Collected data entries:
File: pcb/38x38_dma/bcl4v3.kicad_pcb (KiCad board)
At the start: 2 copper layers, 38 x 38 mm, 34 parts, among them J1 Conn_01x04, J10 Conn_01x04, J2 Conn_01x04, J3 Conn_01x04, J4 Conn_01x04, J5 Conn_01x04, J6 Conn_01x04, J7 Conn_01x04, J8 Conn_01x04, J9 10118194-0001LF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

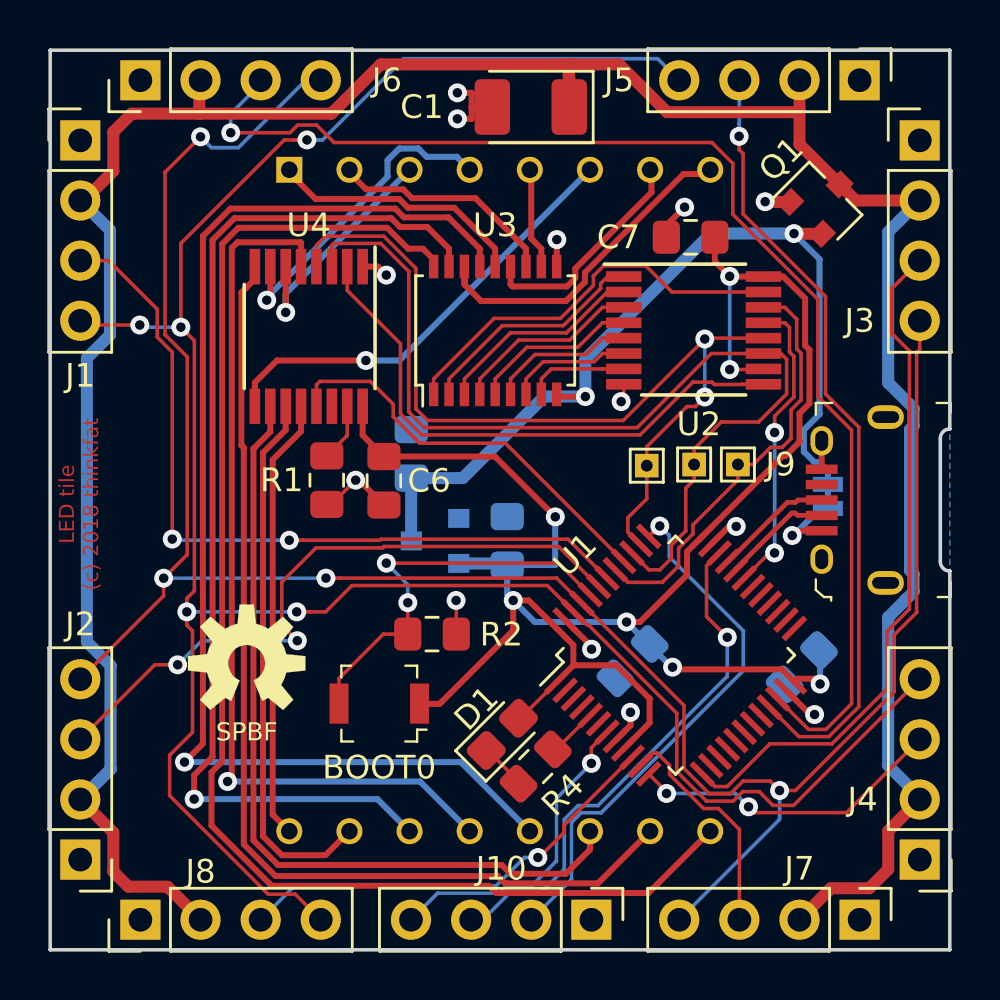
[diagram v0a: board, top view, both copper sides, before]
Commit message: PCB updates: 32kHz oscillator, separate VBAT supply
also, longer pads for the row driver
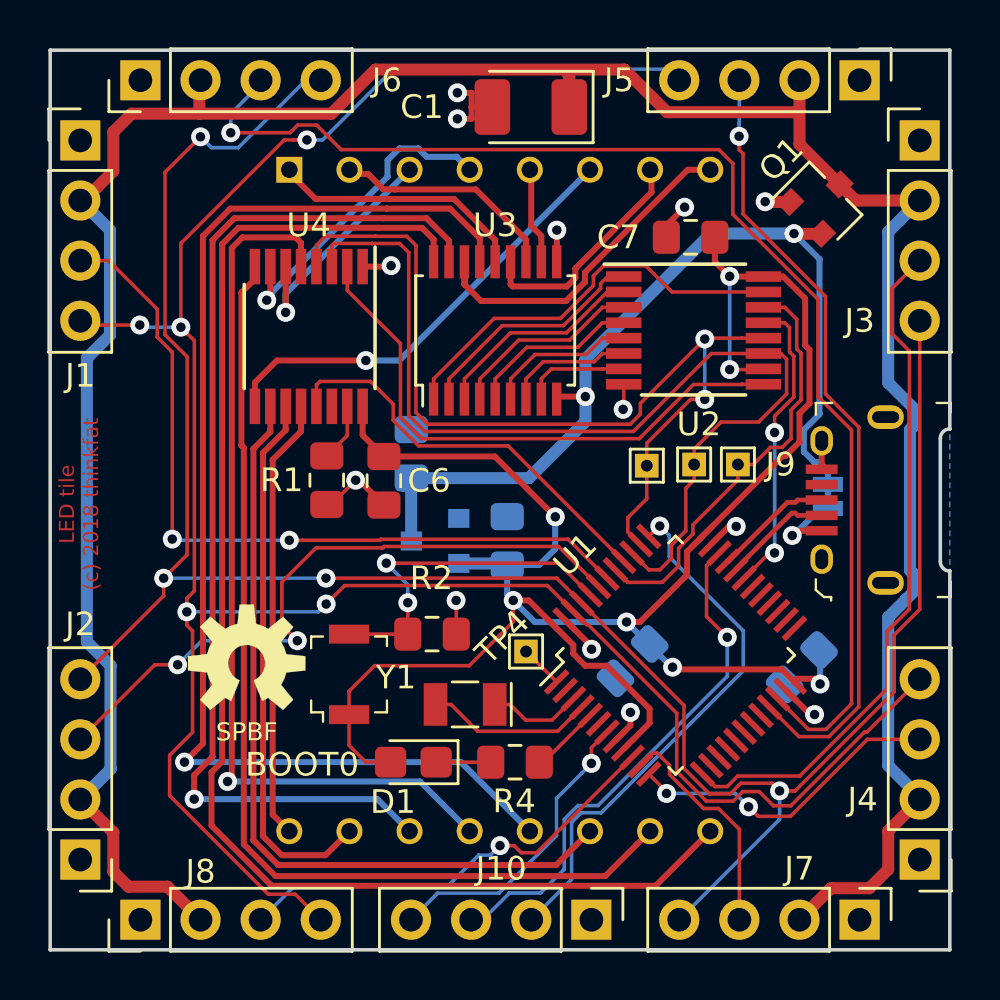
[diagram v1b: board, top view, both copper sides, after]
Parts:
- added TP4: TestPoint, TestPoint:TestPoint_THTPad_1.0x1.0mm_Drill0.5mm, F.Cu at (134.1, 89.4)
- added Y1: ABS07-120-32.768KHZ-Z, Crystal:Crystal_SMD_MicroCrystal_CC7V-T1A-2Pin_3.2x1.5mm, F.Cu at (131.5, 91.6)
- D1: value LED -> SM0805HCL
- moved D1 3.94 mm to (129.3, 94.1), turned to 180 degrees
- moved BOOT0 1.77 mm to (126.6, 90.4), turned to 90 degrees
- moved R4 0.89 mm to (133.6, 94.1), turned to 0 degrees
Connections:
- U1 pad 1: +3V3 -> /VBAT
- U1 pad 3: Net-(U1-Pad3) -> /OSC_IN
- U1 pad 4: Net-(U1-Pad4) -> /OSC_OUT
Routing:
- net /OSC_OUT: track 0.00 -> 7.07 mm
- net /OSC_IN: track 0.00 -> 3.97 mm
- net +3V3: track 83.0 -> 86.0 mm
- net /BOOT0: track 17.3 -> 15.0 mm
- net /VBAT: track 0.00 -> 1.83 mm
- net /CAT_STROBE: track 38.5 -> 39.7 mm
- net /LED: track 2.17 -> 2.97 mm
- net /COL_6: track 34.6 -> 33.9 mm
- net GND: track 20.8 -> 21.5 mm
- net /CAT_CLK: track 41.7 -> 42.4 mm
- net /nRST: track 13.5 -> 12.9 mm
- net +5V: track 38.4 -> 39.0 mm
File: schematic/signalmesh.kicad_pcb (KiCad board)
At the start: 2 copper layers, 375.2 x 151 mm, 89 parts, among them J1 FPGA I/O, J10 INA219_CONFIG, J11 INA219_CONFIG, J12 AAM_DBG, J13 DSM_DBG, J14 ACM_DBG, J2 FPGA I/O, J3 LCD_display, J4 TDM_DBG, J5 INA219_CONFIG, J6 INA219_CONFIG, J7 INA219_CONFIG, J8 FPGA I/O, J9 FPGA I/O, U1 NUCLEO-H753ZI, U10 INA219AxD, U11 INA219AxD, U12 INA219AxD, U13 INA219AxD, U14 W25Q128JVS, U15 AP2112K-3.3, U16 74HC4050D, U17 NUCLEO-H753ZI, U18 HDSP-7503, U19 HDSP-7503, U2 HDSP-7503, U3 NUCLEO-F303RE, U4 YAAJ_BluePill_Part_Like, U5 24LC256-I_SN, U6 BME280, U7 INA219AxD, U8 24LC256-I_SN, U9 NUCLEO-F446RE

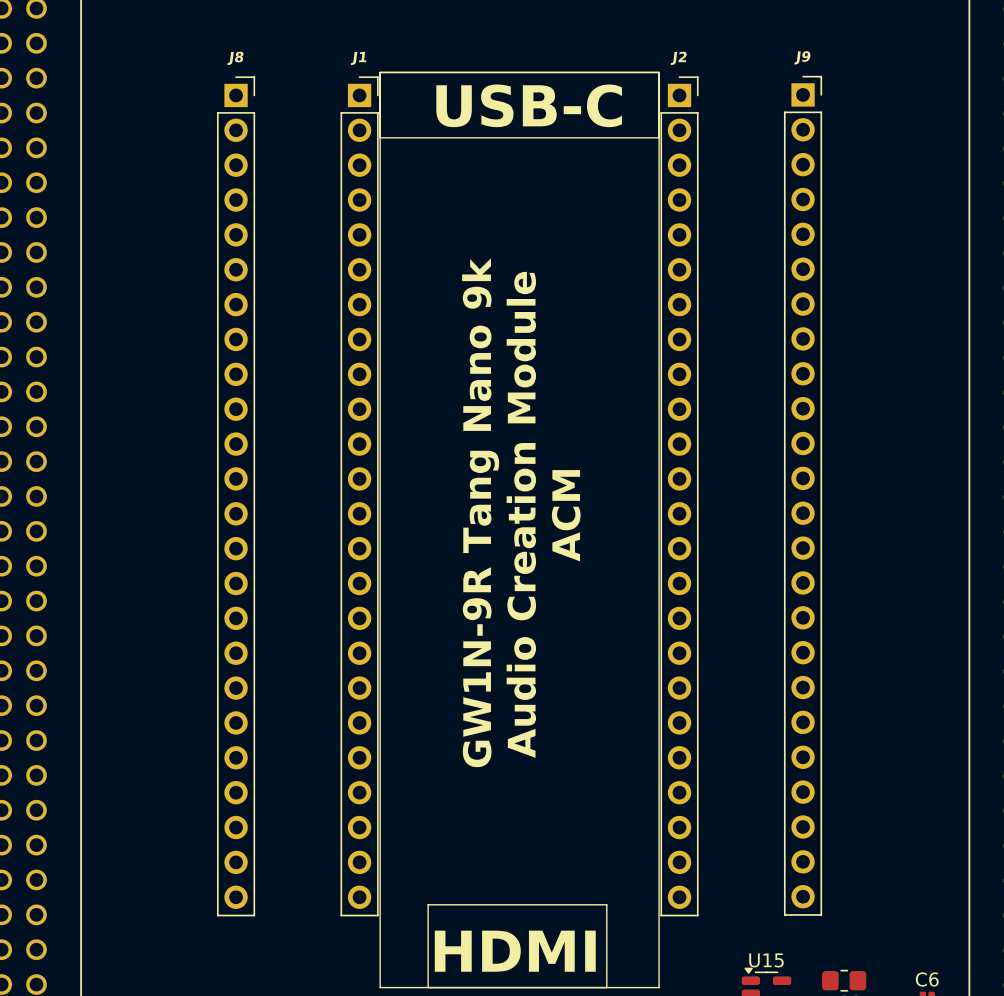
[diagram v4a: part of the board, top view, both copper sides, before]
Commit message: updating FMC pins
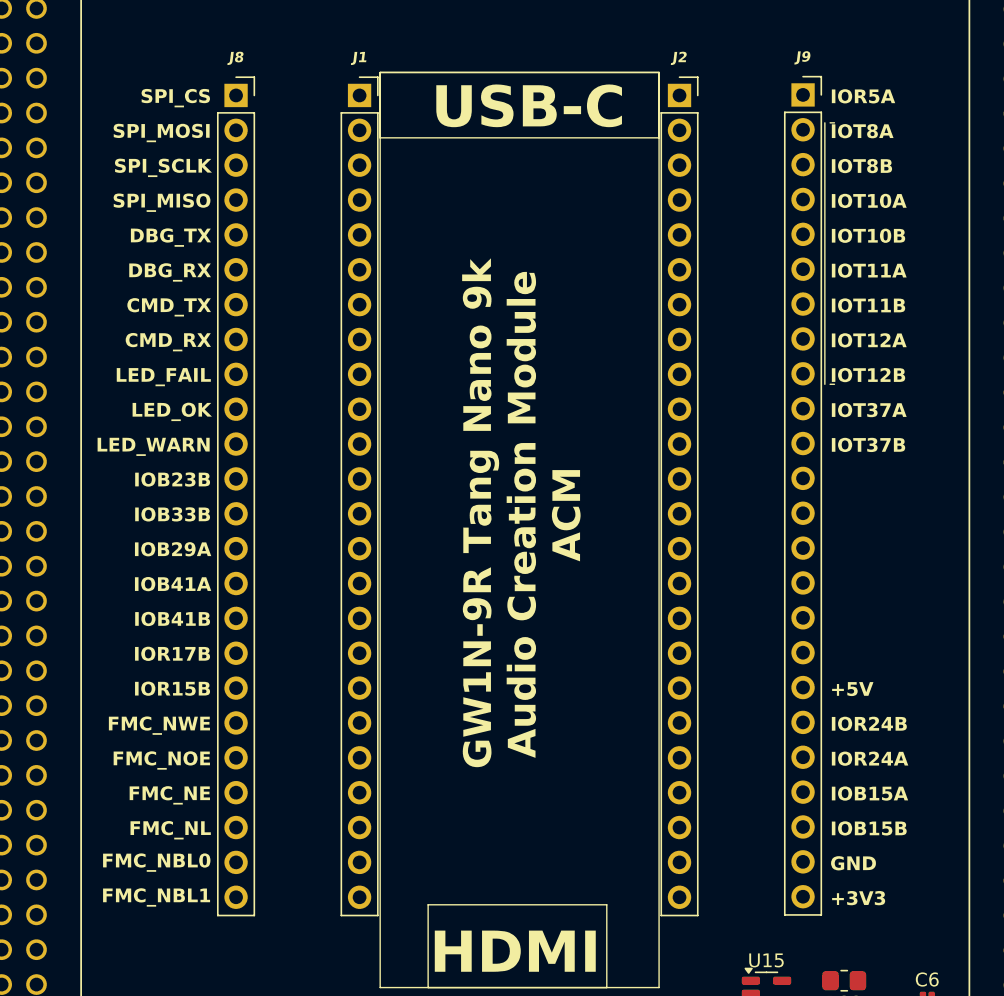
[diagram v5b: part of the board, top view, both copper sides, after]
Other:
- board text added: "+3V3"
- board text added: "+5V"
- board text added: "100nF"
- board text added: "CMD_RX"
- board text added: "CMD_TX"
- board text added: "DBG_RX"
- board text added: "DBG_TX"
- board text added: "FMC_NBL0"
- board text added: "FMC_NBL1"
- board text added: "FMC_NE"
- board text added: "FMC_NL"
- board text added: "FMC_NOE"
- board text added: "FMC_NWE"
- board text added: "IOB15A"
- board text added: "IOB15B"
- board text added: "IOB23B"
- board text added: "IOB29A"
- board text added: "IOB33B"
- board text added: "IOB41A"
- board text added: "IOB41B"
- board text added: "IOR15B"
- board text added: "IOR17B"
- board text added: "IOR24A"
- board text added: "IOR24B"
- board text added: "IOR5A"
- board text added: "IOT10A"
- board text added: "IOT10B"
- board text added: "IOT11A"
- board text added: "IOT11B"
- board text added: "IOT12A"
- board text added: "IOT12B"
- board text added: "IOT37A"
- board text added: "IOT37B"
- board text added: "IOT8A"
- board text added: "IOT8B"
- board text added: "SPI_CS"
- board text added: "SPI_MISO"
- board text added: "SPI_MOSI"
- board text added: "SPI_SCLK"

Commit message: PCB updates
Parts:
- added C10: 0.1uf, Capacitor_SMD:C_0201_0603Metric, F.Cu at (520.4, 195.2)
- added C7: 0.1uf, Capacitor_SMD:C_0201_0603Metric, F.Cu at (548.7, 191.0)
- added C8: 10uf, Capacitor_SMD:C_0201_0603Metric, F.Cu at (216.6, 100.1)
- added C9: 10uf, Capacitor_SMD:C_0201_0603Metric, F.Cu at (216.6, 88.1)
- added D19: LED_PWR, LED_SMD:LED_Kingbright_KPBD-3224, F.Cu at (485.2, 176.6)
- added D20: LED_PWR, LED_SMD:LED_Kingbright_KPBD-3224, F.Cu at (531.8, 188.6)
- added D21: LED_PWR, LED_SMD:LED_Kingbright_KPBD-3224, F.Cu at (493.1, 176.6)
- added D22: LED_OK, LED_SMD:LED_Kingbright_KPBD-3224, F.Cu at (497.0, 176.6)
- added D23: LED_FAIL, LED_SMD:LED_Kingbright_KPBD-3224, F.Cu at (501.0, 176.6)
- added D24: LED_WARN, LED_SMD:LED_Kingbright_KPBD-3224, F.Cu at (504.9, 176.6)
- added D25: LED_PWR, LED_SMD:LED_Kingbright_KPBD-3224, F.Cu at (222.2, 100.4)
- added D26: LED_PWR, LED_SMD:LED_Kingbright_KPBD-3224, F.Cu at (222.2, 89.0)
- added D27: LED_PWR, LED_SMD:LED_Kingbright_KPBD-3224, F.Cu at (516.8, 176.6)
- added J15: INA219_CONFIG, Connector_PinHeader_1.00mm:PinHeader_1x02_P1.00mm_Horizontal, F.Cu at (556.8, 189.9)
- added J16: DSM_DBG, Connector_PinHeader_1.00mm:PinHeader_1x03_P1.00mm_Horizontal, F.Cu at (354.8, 53.8)
- added J17: LCD_display, Connector_PinHeader_1.00mm:PinHeader_1x04_P1.00mm_Horizontal, F.Cu at (509.5, 194.3)
- added R1: 300, Resistor_SMD:R_0805_2012Metric_Pad1.20x1.40mm_HandSolder, F.Cu at (496.9, 181.3)
- added R10: 300, Resistor_SMD:R_0805_2012Metric_Pad1.20x1.40mm_HandSolder, F.Cu at (222.2, 94.4)
- added R2: 300, Resistor_SMD:R_0805_2012Metric_Pad1.20x1.40mm_HandSolder, F.Cu at (537.1, 187.9)
- added R3: 10k, Resistor_SMD:R_0805_2012Metric_Pad1.20x1.40mm_HandSolder, F.Cu at (552.6, 190.8)
- added R4: 10k, Resistor_SMD:R_0805_2012Metric_Pad1.20x1.40mm_HandSolder, F.Cu at (552.6, 187.5)
- added R42: 100, Resistor_SMD:R_0805_2012Metric_Pad1.20x1.40mm_HandSolder, F.Cu at (506.4, 181.3)
- added R43: 300, Resistor_SMD:R_0805_2012Metric_Pad1.20x1.40mm_HandSolder, F.Cu at (506.4, 184.2)
- added R44: 120, Resistor_SMD:R_0805_2012Metric_Pad1.20x1.40mm_HandSolder, F.Cu at (506.4, 187.2)
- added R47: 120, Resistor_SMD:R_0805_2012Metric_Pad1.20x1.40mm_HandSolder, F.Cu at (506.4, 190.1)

→ PROBLEM TO SOLVE
Write out, from the lines above, only those from the line with "- D1: value LED -> SM0805HCL" to the line with "- net /CAT_CLK: track 41.7 -> 42.4 mm", exactly as given, including the first and the last.

→ TASK RESPONSE
- D1: value LED -> SM0805HCL
- moved D1 3.94 mm to (129.3, 94.1), turned to 180 degrees
- moved BOOT0 1.77 mm to (126.6, 90.4), turned to 90 degrees
- moved R4 0.89 mm to (133.6, 94.1), turned to 0 degrees
Connections:
- U1 pad 1: +3V3 -> /VBAT
- U1 pad 3: Net-(U1-Pad3) -> /OSC_IN
- U1 pad 4: Net-(U1-Pad4) -> /OSC_OUT
Routing:
- net /OSC_OUT: track 0.00 -> 7.07 mm
- net /OSC_IN: track 0.00 -> 3.97 mm
- net +3V3: track 83.0 -> 86.0 mm
- net /BOOT0: track 17.3 -> 15.0 mm
- net /VBAT: track 0.00 -> 1.83 mm
- net /CAT_STROBE: track 38.5 -> 39.7 mm
- net /LED: track 2.17 -> 2.97 mm
- net /COL_6: track 34.6 -> 33.9 mm
- net GND: track 20.8 -> 21.5 mm
- net /CAT_CLK: track 41.7 -> 42.4 mm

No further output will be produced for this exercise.